# TT Forum Car Stickers



## ap123ap (Aug 20, 2008)

Are these avaliable?

it would be great if they are; the amount of times i've seen another TT and wondered if it could be a fellow forum member. Nearly crashed a couple of times trying to figure this out!


----------



## phope (Mar 26, 2006)

TTOC stickers and badges here

http://www.ttoc.co.uk/website/catalog/i ... a27ffb9aa5


----------



## CHADTT (Jun 20, 2007)

I think he was trying to say TTForum stickers and not TTOC. :?

Not a bad idea though as it highlights the forum.

I know the two are combined now, however there are forum users without TTOC memberships 

So yeah a nice TTFORUM sticker could be the next 2009 mod.

Good position above the rear brake light in the rear window and about 300mm wide by 40mm high, would do it.

[smiley=gossip.gif]

Possibly made to order with the users name ie CHADTT


----------



## ap123ap (Aug 20, 2008)

Mods, initiate the production! I will definitely buy one!


----------



## KammyTT (Jun 28, 2006)

i`d pay £10 for one, sort it out kev :wink:


----------



## CHADTT (Jun 20, 2007)

How about some of the sponsors and maybe insurers, getting their logos on it to reduce the price.

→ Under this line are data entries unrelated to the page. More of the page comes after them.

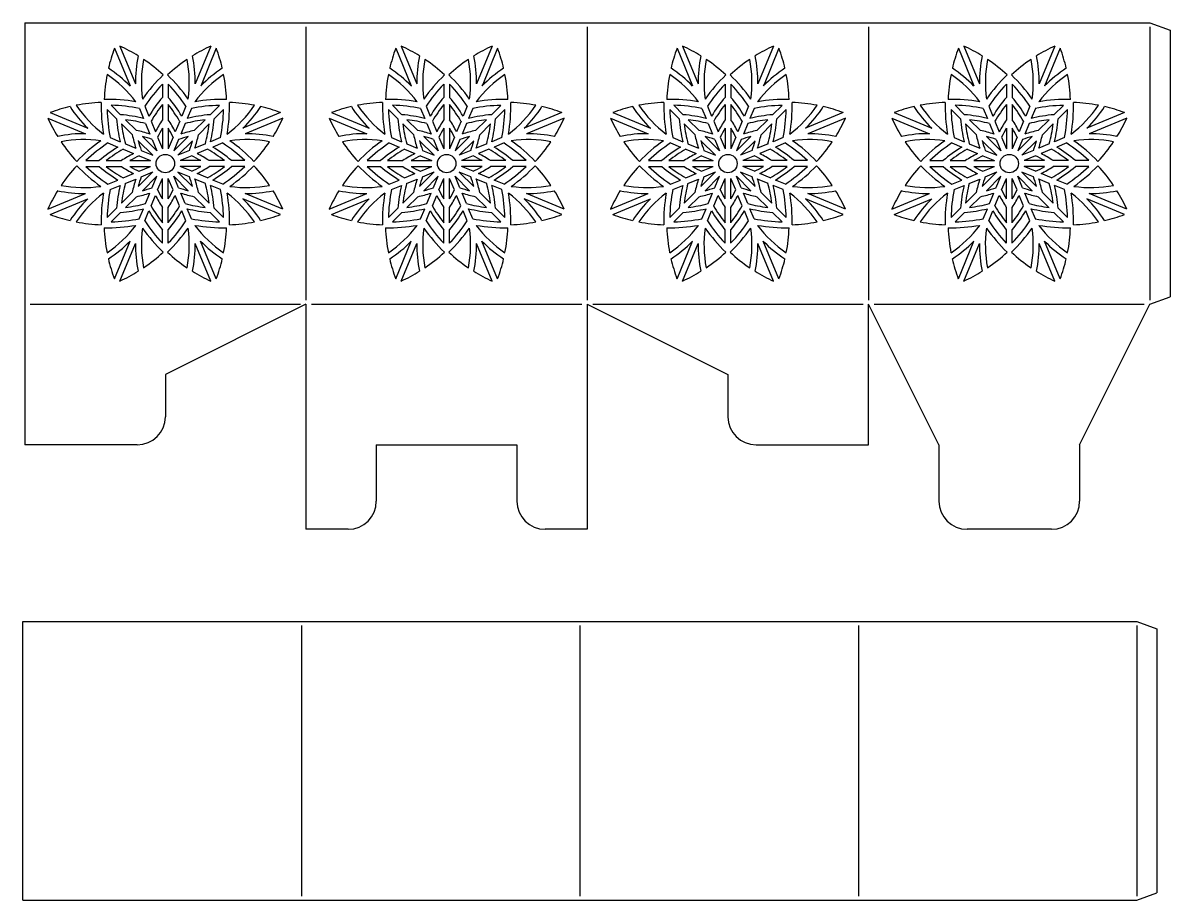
# Model space of a CAD drawing. Extents: x -470 to -184, y 429 to 647.
import ezdxf

# ---------------------------------------------------------------- set-up
doc = ezdxf.new("R2010")
doc.units = 0
doc.layers.get('0').update_dxf_attribs({"linetype": 'CONTINUOUS'})

msp = doc.modelspace()

# ---------------------------------------------------------------- linework, layer by layer
for p, q in [((-469.28, 647.23), (-469.28, 542.23)), ((-469.28, 647.23), (-189.28, 647.23)), ((-399.28, 646.23), (-399.28, 578.23)), ((-329.28, 646.23), (-329.28, 578.23)), ((-259.28, 646.23), (-259.28, 578.23)), ((-189.28, 647.23), (-184.28, 645.4)), ((-189.28, 646.23), (-189.28, 578.23)), ((-184.28, 645.4), (-184.28, 579.05)), ((-446.95, 640.91), (-443.07, 631.54)), ((-445.59, 641.47), (-441.71, 632.1)), ((-422.96, 641.47), (-426.84, 632.1)), ((-421.6, 640.91), (-425.48, 631.53)), ((-376.95, 640.91), (-373.07, 631.54)), ((-375.59, 641.47), (-371.71, 632.1)), ((-352.96, 641.47), (-356.84, 632.1)), ((-351.6, 640.91), (-355.48, 631.53)), ((-306.95, 640.91), (-303.07, 631.54)), ((-305.59, 641.47), (-301.71, 632.1)), ((-282.96, 641.47), (-286.84, 632.1)), ((-281.6, 640.91), (-285.48, 631.53)), ((-236.95, 640.91), (-233.07, 631.54)), ((-235.59, 641.47), (-231.71, 632.1)), ((-212.96, 641.47), (-216.84, 632.1)), ((-211.6, 640.91), (-215.48, 631.53)), ((-435.01, 631.99), (-435.01, 628.69)), ((-433.54, 631.99), (-433.54, 628.69)), ((-365.01, 631.99), (-365.01, 628.69)), ((-363.54, 631.99), (-363.54, 628.69)), ((-295.01, 631.99), (-295.01, 628.69)), ((-293.54, 631.99), (-293.54, 628.69)), ((-225.01, 631.99), (-225.01, 628.69)), ((-223.54, 631.99), (-223.54, 628.69)), ((-448.77, 625.69), (-446.44, 623.35)), ((-447.73, 626.73), (-445.4, 624.39)), ((-440.75, 625.94), (-439.72, 623.46)), ((-439.39, 626.51), (-438.36, 624.02)), ((-435.01, 626.94), (-435.01, 623.14)), ((-433.54, 626.94), (-433.54, 623.14)), ((-429.16, 626.51), (-430.19, 624.02)), ((-427.8, 625.94), (-428.83, 623.46)), ((-420.82, 626.72), (-423.16, 624.39)), ((-419.78, 625.68), (-422.12, 623.35)), ((-378.77, 625.69), (-376.44, 623.35)), ((-377.73, 626.73), (-375.4, 624.39)), ((-370.75, 625.94), (-369.72, 623.46)), ((-369.39, 626.51), (-368.36, 624.02)), ((-365.01, 626.94), (-365.01, 623.14)), ((-363.54, 626.94), (-363.54, 623.14)), ((-359.16, 626.51), (-360.19, 624.02)), ((-357.8, 625.94), (-358.83, 623.46)), ((-350.82, 626.72), (-353.16, 624.39)), ((-349.78, 625.68), (-352.12, 623.35)), ((-308.77, 625.69), (-306.44, 623.35)), ((-307.73, 626.73), (-305.4, 624.39)), ((-300.75, 625.94), (-299.72, 623.46)), ((-299.39, 626.51), (-298.36, 624.02)), ((-295.01, 626.94), (-295.01, 623.14)), ((-293.54, 626.94), (-293.54, 623.14)), ((-289.16, 626.51), (-290.19, 624.02)), ((-287.8, 625.94), (-288.83, 623.46)), ((-280.82, 626.72), (-283.16, 624.39)), ((-279.78, 625.68), (-282.12, 623.35)), ((-238.77, 625.69), (-236.44, 623.35)), ((-237.73, 626.73), (-235.4, 624.39)), ((-230.75, 625.94), (-229.72, 623.46)), ((-229.39, 626.51), (-228.36, 624.02)), ((-225.01, 626.94), (-225.01, 623.14)), ((-223.54, 626.94), (-223.54, 623.14)), ((-219.16, 626.51), (-220.19, 624.02)), ((-217.8, 625.94), (-218.83, 623.46)), ((-210.82, 626.72), (-213.16, 624.39)), ((-209.78, 625.68), (-212.12, 623.35)), ((-463.52, 623.55), (-454.15, 619.66)), ((-462.96, 624.91), (-453.58, 621.02)), ((-444.16, 623.15), (-441.47, 620.46)), ((-437.84, 622.75), (-436.76, 620.13)), ((-430.71, 622.75), (-431.8, 620.13)), ((-424.39, 623.15), (-427.08, 620.46)), ((-405.59, 624.9), (-414.97, 621.02)), ((-405.03, 623.54), (-414.41, 619.66)), ((-393.52, 623.55), (-384.15, 619.66)), ((-392.96, 624.91), (-383.58, 621.02)), ((-374.16, 623.15), (-371.47, 620.46)), ((-367.84, 622.75), (-366.76, 620.13)), ((-360.71, 622.75), (-361.8, 620.13)), ((-354.39, 623.15), (-357.08, 620.46)), ((-335.59, 624.9), (-344.97, 621.02)), ((-335.03, 623.54), (-344.41, 619.66)), ((-323.52, 623.55), (-314.15, 619.66)), ((-322.96, 624.91), (-313.58, 621.02)), ((-304.16, 623.15), (-301.47, 620.46)), ((-297.84, 622.75), (-296.76, 620.13)), ((-290.71, 622.75), (-291.8, 620.13)), ((-284.39, 623.15), (-287.08, 620.46)), ((-265.59, 624.9), (-274.97, 621.02)), ((-265.03, 623.54), (-274.41, 619.66)), ((-253.52, 623.55), (-244.15, 619.66)), ((-252.96, 624.91), (-243.58, 621.02)), ((-234.16, 623.15), (-231.47, 620.46)), ((-227.84, 622.75), (-226.76, 620.13)), ((-220.71, 622.75), (-221.8, 620.13)), ((-214.39, 623.15), (-217.08, 620.46)), ((-195.59, 624.9), (-204.97, 621.02)), ((-195.03, 623.54), (-204.41, 619.66)), ((-445.2, 622.11), (-442.51, 619.43)), ((-439.2, 622.19), (-438.11, 619.57)), ((-435.01, 621.03), (-435.01, 615.92)), ((-433.54, 621.03), (-433.54, 615.92)), ((-429.36, 622.19), (-430.44, 619.57)), ((-423.36, 622.11), (-426.04, 619.42)), ((-375.2, 622.11), (-372.51, 619.43)), ((-369.2, 622.19), (-368.11, 619.57)), ((-365.01, 621.03), (-365.01, 615.92)), ((-363.54, 621.03), (-363.54, 615.92)), ((-359.36, 622.19), (-360.44, 619.57)), ((-353.36, 622.11), (-356.04, 619.42)), ((-305.2, 622.11), (-302.51, 619.43)), ((-299.2, 622.19), (-298.11, 619.57)), ((-295.01, 621.03), (-295.01, 615.92)), ((-293.54, 621.03), (-293.54, 615.92)), ((-289.36, 622.19), (-290.44, 619.57)), ((-283.36, 622.11), (-286.04, 619.42)), ((-235.2, 622.11), (-232.51, 619.43)), ((-229.2, 622.19), (-228.11, 619.57)), ((-225.01, 621.03), (-225.01, 615.92)), ((-223.54, 621.03), (-223.54, 615.92)), ((-219.36, 622.19), (-220.44, 619.57)), ((-213.36, 622.11), (-216.04, 619.42)), ((-448.56, 617.35), (-446.07, 616.32)), ((-447.99, 618.71), (-445.51, 617.68)), ((-444.23, 617.15), (-441.62, 616.07)), ((-441.02, 617.93), (-437.41, 614.32)), ((-439.98, 618.97), (-436.37, 615.36)), ((-437.55, 618.22), (-436.37, 615.36)), ((-436.2, 618.78), (-435.01, 615.92)), ((-432.36, 618.78), (-433.54, 615.92)), ((-428.57, 618.97), (-432.18, 615.36)), ((-431, 618.22), (-432.18, 615.36)), ((-427.53, 617.93), (-431.14, 614.32)), ((-424.32, 617.15), (-426.93, 616.06)), ((-420.56, 618.7), (-423.05, 617.67)), ((-420, 617.35), (-422.48, 616.32)), ((-378.56, 617.35), (-376.07, 616.32)), ((-377.99, 618.71), (-375.51, 617.68)), ((-374.23, 617.15), (-371.62, 616.07)), ((-371.02, 617.93), (-367.41, 614.32)), ((-369.98, 618.97), (-366.37, 615.36)), ((-367.55, 618.22), (-366.37, 615.36)), ((-366.2, 618.78), (-365.01, 615.92)), ((-362.36, 618.78), (-363.54, 615.92)), ((-358.57, 618.97), (-362.18, 615.36)), ((-361, 618.22), (-362.18, 615.36)), ((-357.53, 617.93), (-361.14, 614.32)), ((-354.32, 617.15), (-356.93, 616.06)), ((-350.56, 618.7), (-353.05, 617.67)), ((-350, 617.35), (-352.48, 616.32)), ((-308.56, 617.35), (-306.07, 616.32)), ((-307.99, 618.71), (-305.51, 617.68)), ((-304.23, 617.15), (-301.62, 616.07)), ((-301.02, 617.93), (-297.41, 614.32)), ((-299.98, 618.97), (-296.37, 615.36)), ((-297.55, 618.22), (-296.37, 615.36)), ((-296.2, 618.78), (-295.01, 615.92)), ((-292.36, 618.78), (-293.54, 615.92)), ((-288.57, 618.97), (-292.18, 615.36)), ((-291, 618.22), (-292.18, 615.36)), ((-287.53, 617.93), (-291.14, 614.32)), ((-284.32, 617.15), (-286.93, 616.06)), ((-280.56, 618.7), (-283.05, 617.67)), ((-280, 617.35), (-282.48, 616.32)), ((-238.56, 617.35), (-236.07, 616.32)), ((-237.99, 618.71), (-235.51, 617.68)), ((-234.23, 617.15), (-231.62, 616.07)), ((-231.02, 617.93), (-227.41, 614.32)), ((-229.98, 618.97), (-226.37, 615.36)), ((-227.55, 618.22), (-226.37, 615.36)), ((-226.2, 618.78), (-225.01, 615.92)), ((-222.36, 618.78), (-223.54, 615.92)), ((-218.57, 618.97), (-222.18, 615.36)), ((-221, 618.22), (-222.18, 615.36)), ((-217.53, 617.93), (-221.14, 614.32)), ((-214.32, 617.15), (-216.93, 616.06)), ((-210.56, 618.7), (-213.05, 617.67)), ((-210, 617.35), (-212.48, 616.32)), ((-444.8, 615.79), (-442.18, 614.71)), ((-440.83, 614.15), (-437.97, 612.96)), ((-440.27, 615.51), (-437.41, 614.32)), ((-428.28, 615.51), (-431.14, 614.32)), ((-427.72, 614.15), (-430.58, 612.96)), ((-423.76, 615.79), (-426.37, 614.71)), ((-374.8, 615.79), (-372.18, 614.71)), ((-370.83, 614.15), (-367.97, 612.96)), ((-370.27, 615.51), (-367.41, 614.32)), ((-358.28, 615.51), (-361.14, 614.32)), ((-357.72, 614.15), (-360.58, 612.96)), ((-353.76, 615.79), (-356.37, 614.71)), ((-304.8, 615.79), (-302.18, 614.71)), ((-300.83, 614.15), (-297.97, 612.96)), ((-300.27, 615.51), (-297.41, 614.32)), ((-288.28, 615.51), (-291.14, 614.32)), ((-287.72, 614.15), (-290.58, 612.96)), ((-283.76, 615.79), (-286.37, 614.71)), ((-234.8, 615.79), (-232.18, 614.71)), ((-230.83, 614.15), (-227.97, 612.96)), ((-230.27, 615.51), (-227.41, 614.32)), ((-218.28, 615.51), (-221.14, 614.32)), ((-217.72, 614.15), (-220.58, 612.96)), ((-213.76, 615.79), (-216.37, 614.71)), ((-454.04, 612.97), (-450.74, 612.96)), ((-454.04, 611.5), (-450.74, 611.49)), ((-448.99, 612.96), (-445.19, 612.96)), ((-448.99, 611.49), (-445.19, 611.49)), ((-443.08, 612.96), (-437.97, 612.96)), ((-443.08, 611.49), (-437.97, 611.49)), ((-440.83, 610.31), (-437.97, 611.49)), ((-425.48, 612.96), (-430.58, 612.96)), ((-427.72, 610.31), (-430.58, 611.49)), ((-425.48, 611.49), (-430.58, 611.49)), ((-419.57, 612.96), (-423.36, 612.96)), ((-419.57, 611.49), (-423.36, 611.49)), ((-414.51, 612.96), (-417.82, 612.96)), ((-414.51, 611.49), (-417.82, 611.49)), ((-384.04, 612.97), (-380.74, 612.96)), ((-384.04, 611.5), (-380.74, 611.49)), ((-378.99, 612.96), (-375.19, 612.96)), ((-378.99, 611.49), (-375.19, 611.49)), ((-373.08, 612.96), (-367.97, 612.96)), ((-373.08, 611.49), (-367.97, 611.49)), ((-370.83, 610.31), (-367.97, 611.49)), ((-355.48, 612.96), (-360.58, 612.96)), ((-357.72, 610.31), (-360.58, 611.49)), ((-355.48, 611.49), (-360.58, 611.49)), ((-349.57, 612.96), (-353.36, 612.96)), ((-349.57, 611.49), (-353.36, 611.49)), ((-344.51, 612.96), (-347.82, 612.96)), ((-344.51, 611.49), (-347.82, 611.49)), ((-314.04, 612.97), (-310.74, 612.96)), ((-314.04, 611.5), (-310.74, 611.49)), ((-308.99, 612.96), (-305.19, 612.96)), ((-308.99, 611.49), (-305.19, 611.49)), ((-303.08, 612.96), (-297.97, 612.96)), ((-303.08, 611.49), (-297.97, 611.49)), ((-300.83, 610.31), (-297.97, 611.49)), ((-285.48, 612.96), (-290.58, 612.96)), ((-287.72, 610.31), (-290.58, 611.49)), ((-285.48, 611.49), (-290.58, 611.49)), ((-279.57, 612.96), (-283.36, 612.96)), ((-279.57, 611.49), (-283.36, 611.49)), ((-274.51, 612.96), (-277.82, 612.96)), ((-274.51, 611.49), (-277.82, 611.49)), ((-244.04, 612.97), (-240.74, 612.96)), ((-244.04, 611.5), (-240.74, 611.49)), ((-238.99, 612.96), (-235.19, 612.96)), ((-238.99, 611.49), (-235.19, 611.49)), ((-233.08, 612.96), (-227.97, 612.96)), ((-233.08, 611.49), (-227.97, 611.49)), ((-230.83, 610.31), (-227.97, 611.49)), ((-215.48, 612.96), (-220.58, 612.96)), ((-217.72, 610.31), (-220.58, 611.49)), ((-215.48, 611.49), (-220.58, 611.49)), ((-209.57, 612.96), (-213.36, 612.96)), ((-209.57, 611.49), (-213.36, 611.49)), ((-204.51, 612.96), (-207.82, 612.96)), ((-204.51, 611.49), (-207.82, 611.49)), ((-448.56, 607.11), (-446.07, 608.14)), ((-444.8, 608.67), (-442.18, 609.75)), ((-444.24, 607.31), (-441.62, 608.39)), ((-441.02, 606.52), (-437.41, 610.14)), ((-440.27, 608.95), (-437.41, 610.14)), ((-439.98, 605.48), (-436.37, 609.1)), ((-437.56, 606.24), (-436.37, 609.1)), ((-436.2, 605.67), (-435.01, 608.53)), ((-435.01, 603.43), (-435.01, 608.53)), ((-432.36, 605.67), (-433.54, 608.53)), ((-433.54, 603.43), (-433.54, 608.53)), ((-428.57, 605.48), (-432.18, 609.1)), ((-431, 606.23), (-432.18, 609.1)), ((-428.28, 608.95), (-431.14, 610.13)), ((-427.53, 606.52), (-431.14, 610.13)), ((-424.32, 607.31), (-426.93, 608.39)), ((-423.76, 608.66), (-426.37, 609.75)), ((-420, 607.11), (-422.49, 608.14)), ((-378.56, 607.11), (-376.07, 608.14)), ((-374.8, 608.67), (-372.18, 609.75)), ((-374.24, 607.31), (-371.62, 608.39)), ((-371.02, 606.52), (-367.41, 610.14)), ((-370.27, 608.95), (-367.41, 610.14)), ((-369.98, 605.48), (-366.37, 609.1)), ((-367.56, 606.24), (-366.37, 609.1)), ((-366.2, 605.67), (-365.01, 608.53)), ((-365.01, 603.43), (-365.01, 608.53)), ((-362.36, 605.67), (-363.54, 608.53)), ((-363.54, 603.43), (-363.54, 608.53)), ((-358.57, 605.48), (-362.18, 609.1)), ((-361, 606.23), (-362.18, 609.1)), ((-358.28, 608.95), (-361.14, 610.13)), ((-357.53, 606.52), (-361.14, 610.13)), ((-354.32, 607.31), (-356.93, 608.39)), ((-353.76, 608.66), (-356.37, 609.75)), ((-350, 607.11), (-352.49, 608.14)), ((-308.56, 607.11), (-306.07, 608.14)), ((-304.8, 608.67), (-302.18, 609.75)), ((-304.24, 607.31), (-301.62, 608.39)), ((-301.02, 606.52), (-297.41, 610.14)), ((-300.27, 608.95), (-297.41, 610.14)), ((-299.98, 605.48), (-296.37, 609.1)), ((-297.56, 606.24), (-296.37, 609.1)), ((-296.2, 605.67), (-295.01, 608.53)), ((-295.01, 603.43), (-295.01, 608.53)), ((-292.36, 605.67), (-293.54, 608.53)), ((-293.54, 603.43), (-293.54, 608.53)), ((-288.57, 605.48), (-292.18, 609.1)), ((-291, 606.23), (-292.18, 609.1)), ((-288.28, 608.95), (-291.14, 610.13)), ((-287.53, 606.52), (-291.14, 610.13)), ((-284.32, 607.31), (-286.93, 608.39)), ((-283.76, 608.66), (-286.37, 609.75)), ((-280, 607.11), (-282.49, 608.14)), ((-238.56, 607.11), (-236.07, 608.14)), ((-234.8, 608.67), (-232.18, 609.75)), ((-234.24, 607.31), (-231.62, 608.39)), ((-231.02, 606.52), (-227.41, 610.14)), ((-230.27, 608.95), (-227.41, 610.14)), ((-229.98, 605.48), (-226.37, 609.1)), ((-227.56, 606.24), (-226.37, 609.1)), ((-226.2, 605.67), (-225.01, 608.53)), ((-225.01, 603.43), (-225.01, 608.53)), ((-222.36, 605.67), (-223.54, 608.53)), ((-223.54, 603.43), (-223.54, 608.53)), ((-218.57, 605.48), (-222.18, 609.1)), ((-221, 606.23), (-222.18, 609.1)), ((-218.28, 608.95), (-221.14, 610.13)), ((-217.53, 606.52), (-221.14, 610.13)), ((-214.32, 607.31), (-216.93, 608.39)), ((-213.76, 608.66), (-216.37, 609.75)), ((-210, 607.11), (-212.49, 608.14)), ((-447.99, 605.75), (-445.51, 606.78)), ((-420.56, 605.75), (-423.05, 606.78)), ((-377.99, 605.75), (-375.51, 606.78)), ((-350.56, 605.75), (-353.05, 606.78)), ((-307.99, 605.75), (-305.51, 606.78)), ((-280.56, 605.75), (-283.05, 606.78)), ((-237.99, 605.75), (-235.51, 606.78)), ((-210.56, 605.75), (-213.05, 606.78)), ((-463.52, 600.91), (-454.15, 604.8)), ((-462.96, 599.56), (-453.58, 603.44)), ((-445.2, 602.35), (-442.51, 605.03)), ((-444.16, 601.31), (-441.47, 603.99)), ((-439.2, 602.27), (-438.12, 604.89)), ((-437.84, 601.71), (-436.76, 604.32)), ((-430.72, 601.71), (-431.8, 604.32)), ((-429.36, 602.27), (-430.44, 604.88)), ((-424.4, 601.31), (-427.08, 603.99)), ((-423.36, 602.35), (-426.04, 605.03)), ((-405.6, 599.55), (-414.97, 603.43)), ((-405.03, 600.91), (-414.41, 604.79)), ((-393.52, 600.91), (-384.15, 604.8)), ((-392.96, 599.56), (-383.58, 603.44)), ((-375.2, 602.35), (-372.51, 605.03)), ((-374.16, 601.31), (-371.47, 603.99)), ((-369.2, 602.27), (-368.12, 604.89)), ((-367.84, 601.71), (-366.76, 604.32)), ((-360.72, 601.71), (-361.8, 604.32)), ((-359.36, 602.27), (-360.44, 604.88)), ((-354.4, 601.31), (-357.08, 603.99)), ((-353.36, 602.35), (-356.04, 605.03)), ((-335.6, 599.55), (-344.97, 603.43)), ((-335.03, 600.91), (-344.41, 604.79)), ((-323.52, 600.91), (-314.15, 604.8)), ((-322.96, 599.56), (-313.58, 603.44)), ((-305.2, 602.35), (-302.51, 605.03)), ((-304.16, 601.31), (-301.47, 603.99)), ((-299.2, 602.27), (-298.12, 604.89)), ((-297.84, 601.71), (-296.76, 604.32)), ((-290.72, 601.71), (-291.8, 604.32)), ((-289.36, 602.27), (-290.44, 604.88)), ((-284.4, 601.31), (-287.08, 603.99)), ((-283.36, 602.35), (-286.04, 605.03)), ((-265.6, 599.55), (-274.97, 603.43)), ((-265.03, 600.91), (-274.41, 604.79)), ((-253.52, 600.91), (-244.15, 604.8)), ((-252.96, 599.56), (-243.58, 603.44)), ((-235.2, 602.35), (-232.51, 605.03)), ((-234.16, 601.31), (-231.47, 603.99)), ((-229.2, 602.27), (-228.12, 604.89)), ((-227.84, 601.71), (-226.76, 604.32)), ((-220.72, 601.71), (-221.8, 604.32)), ((-219.36, 602.27), (-220.44, 604.88)), ((-214.4, 601.31), (-217.08, 603.99)), ((-213.36, 602.35), (-216.04, 605.03)), ((-195.6, 599.55), (-204.97, 603.43)), ((-195.03, 600.91), (-204.41, 604.79)), ((-448.77, 598.77), (-446.44, 601.11)), ((-447.74, 597.73), (-445.4, 600.07)), ((-440.76, 598.51), (-439.73, 601)), ((-439.4, 597.95), (-438.37, 600.44)), ((-435.01, 597.52), (-435.01, 601.32)), ((-433.54, 597.52), (-433.54, 601.32)), ((-429.16, 597.95), (-430.19, 600.44)), ((-427.8, 598.51), (-428.83, 601)), ((-420.82, 597.73), (-423.16, 600.07)), ((-419.78, 598.77), (-422.12, 601.11)), ((-378.77, 598.77), (-376.44, 601.11)), ((-377.74, 597.73), (-375.4, 600.07)), ((-370.76, 598.51), (-369.73, 601)), ((-369.4, 597.95), (-368.37, 600.44)), ((-365.01, 597.52), (-365.01, 601.32)), ((-363.54, 597.52), (-363.54, 601.32)), ((-359.16, 597.95), (-360.19, 600.44)), ((-357.8, 598.51), (-358.83, 601)), ((-350.82, 597.73), (-353.16, 600.07)), ((-349.78, 598.77), (-352.12, 601.11)), ((-308.77, 598.77), (-306.44, 601.11)), ((-307.74, 597.73), (-305.4, 600.07)), ((-300.76, 598.51), (-299.73, 601)), ((-299.4, 597.95), (-298.37, 600.44)), ((-295.01, 597.52), (-295.01, 601.32)), ((-293.54, 597.52), (-293.54, 601.32)), ((-289.16, 597.95), (-290.19, 600.44)), ((-287.8, 598.51), (-288.83, 601)), ((-280.82, 597.73), (-283.16, 600.07)), ((-279.78, 598.77), (-282.12, 601.11)), ((-238.77, 598.77), (-236.44, 601.11)), ((-237.74, 597.73), (-235.4, 600.07)), ((-230.76, 598.51), (-229.73, 601)), ((-229.4, 597.95), (-228.37, 600.44)), ((-225.01, 597.52), (-225.01, 601.32)), ((-223.54, 597.52), (-223.54, 601.32)), ((-219.16, 597.95), (-220.19, 600.44)), ((-217.8, 598.51), (-218.83, 601)), ((-210.82, 597.73), (-213.16, 600.07)), ((-209.78, 598.77), (-212.12, 601.11)), ((-435.01, 592.46), (-435.01, 595.77)), ((-433.54, 592.46), (-433.54, 595.77)), ((-365.01, 592.46), (-365.01, 595.77)), ((-363.54, 592.46), (-363.54, 595.77)), ((-295.01, 592.46), (-295.01, 595.77)), ((-293.54, 592.46), (-293.54, 595.77)), ((-225.01, 592.46), (-225.01, 595.77)), ((-223.54, 592.46), (-223.54, 595.77)), ((-446.96, 583.55), (-443.07, 592.92)), ((-445.6, 582.99), (-441.71, 592.36)), ((-422.96, 582.98), (-426.84, 592.36)), ((-421.6, 583.55), (-425.49, 592.92)), ((-376.96, 583.55), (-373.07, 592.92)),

Would be nice to have all of them on it.

This defo needs exploring 

Front screen sun shade with ttforum on. (getting carried away now  :roll: )


----------



## T3RBO (Dec 9, 2003)

I wouldn't mind one but no idea where it would go


----------



## ap123ap (Aug 20, 2008)

T3RBO said:


> I wouldn't mind one but no idea where it would go


rear windscreen?


----------



## YELLOW_TT (Feb 25, 2004)

ap123ap said:


> T3RBO said:
> 
> 
> > I wouldn't mind one but no idea where it would go
> ...


What about us roadster owners :? :wink:


----------



## ap123ap (Aug 20, 2008)

Havent really explored the roadster to be able to comment where is best. please forgive my ignorance!


----------



## rustyintegrale (Oct 1, 2006)

Stickers?!

Are you all mad?! 

We need a proper metal badge. 8)

Discreet. :wink:

Tasteful. :roll:

Cheers

Rich


----------



## T3RBO (Dec 9, 2003)

rustyintegrale said:


> Stickers?!
> 
> Are you all mad?!
> 
> ...


With leds :lol:


----------



## marTTyn (Dec 29, 2008)

I would like one of these,
Seems a good idea to get more forum interest.


----------



## rustyintegrale (Oct 1, 2006)

T3RBO said:


> rustyintegrale said:
> 
> 
> > Stickers?!
> ...


Actually, yeah, why not?!


----------



## gadgetboy38 (Mar 9, 2005)

rustyintegrale said:


> T3RBO said:
> 
> 
> > rustyintegrale said:
> ...


But there would have to be a PURPLE option for Rusty


----------



## triplefan (Sep 3, 2008)

YELLOW_TT said:


> ap123ap said:
> 
> 
> > T3RBO said:
> ...


Rear window?

I'd be up for one


----------



## Jae (May 6, 2002)

Should I run a Poll?

1. Badges, we dont need no stinking Badges!
2. Badges, yes please!
3. Stickers for the window
4. Nah, Cannot be bothered!

We did have TT Forum Stickers back in the Olde Days, small and indescrete.....hmmmm

Jae


----------



## SaintScoTT (Jun 27, 2008)

what an awesome idea. love it 8)


----------



## KammyTT (Jun 28, 2006)

a poll is a great idea :wink:


----------



## Wallsendmag (Feb 12, 2004)

I don't want a TT forum pole


----------



## johnny cobra (Jun 30, 2008)

I want a TT Forum Sticker  Yes please

JC :mrgreen:


----------



## ap123ap (Aug 20, 2008)

so, mods, can you make this happen??


----------



## Jae (May 6, 2002)

We're looking into it.

Its 95% sure it will happen, just need to design and get all your approval.

Cheers

Jae


----------



## ap123ap (Aug 20, 2008)

Jae said:


> We're looking into it.
> 
> Its 95% sure it will happen, just need to design and get all your approval.
> 
> ...


do i get the first one for thinking of the idea??? lol


----------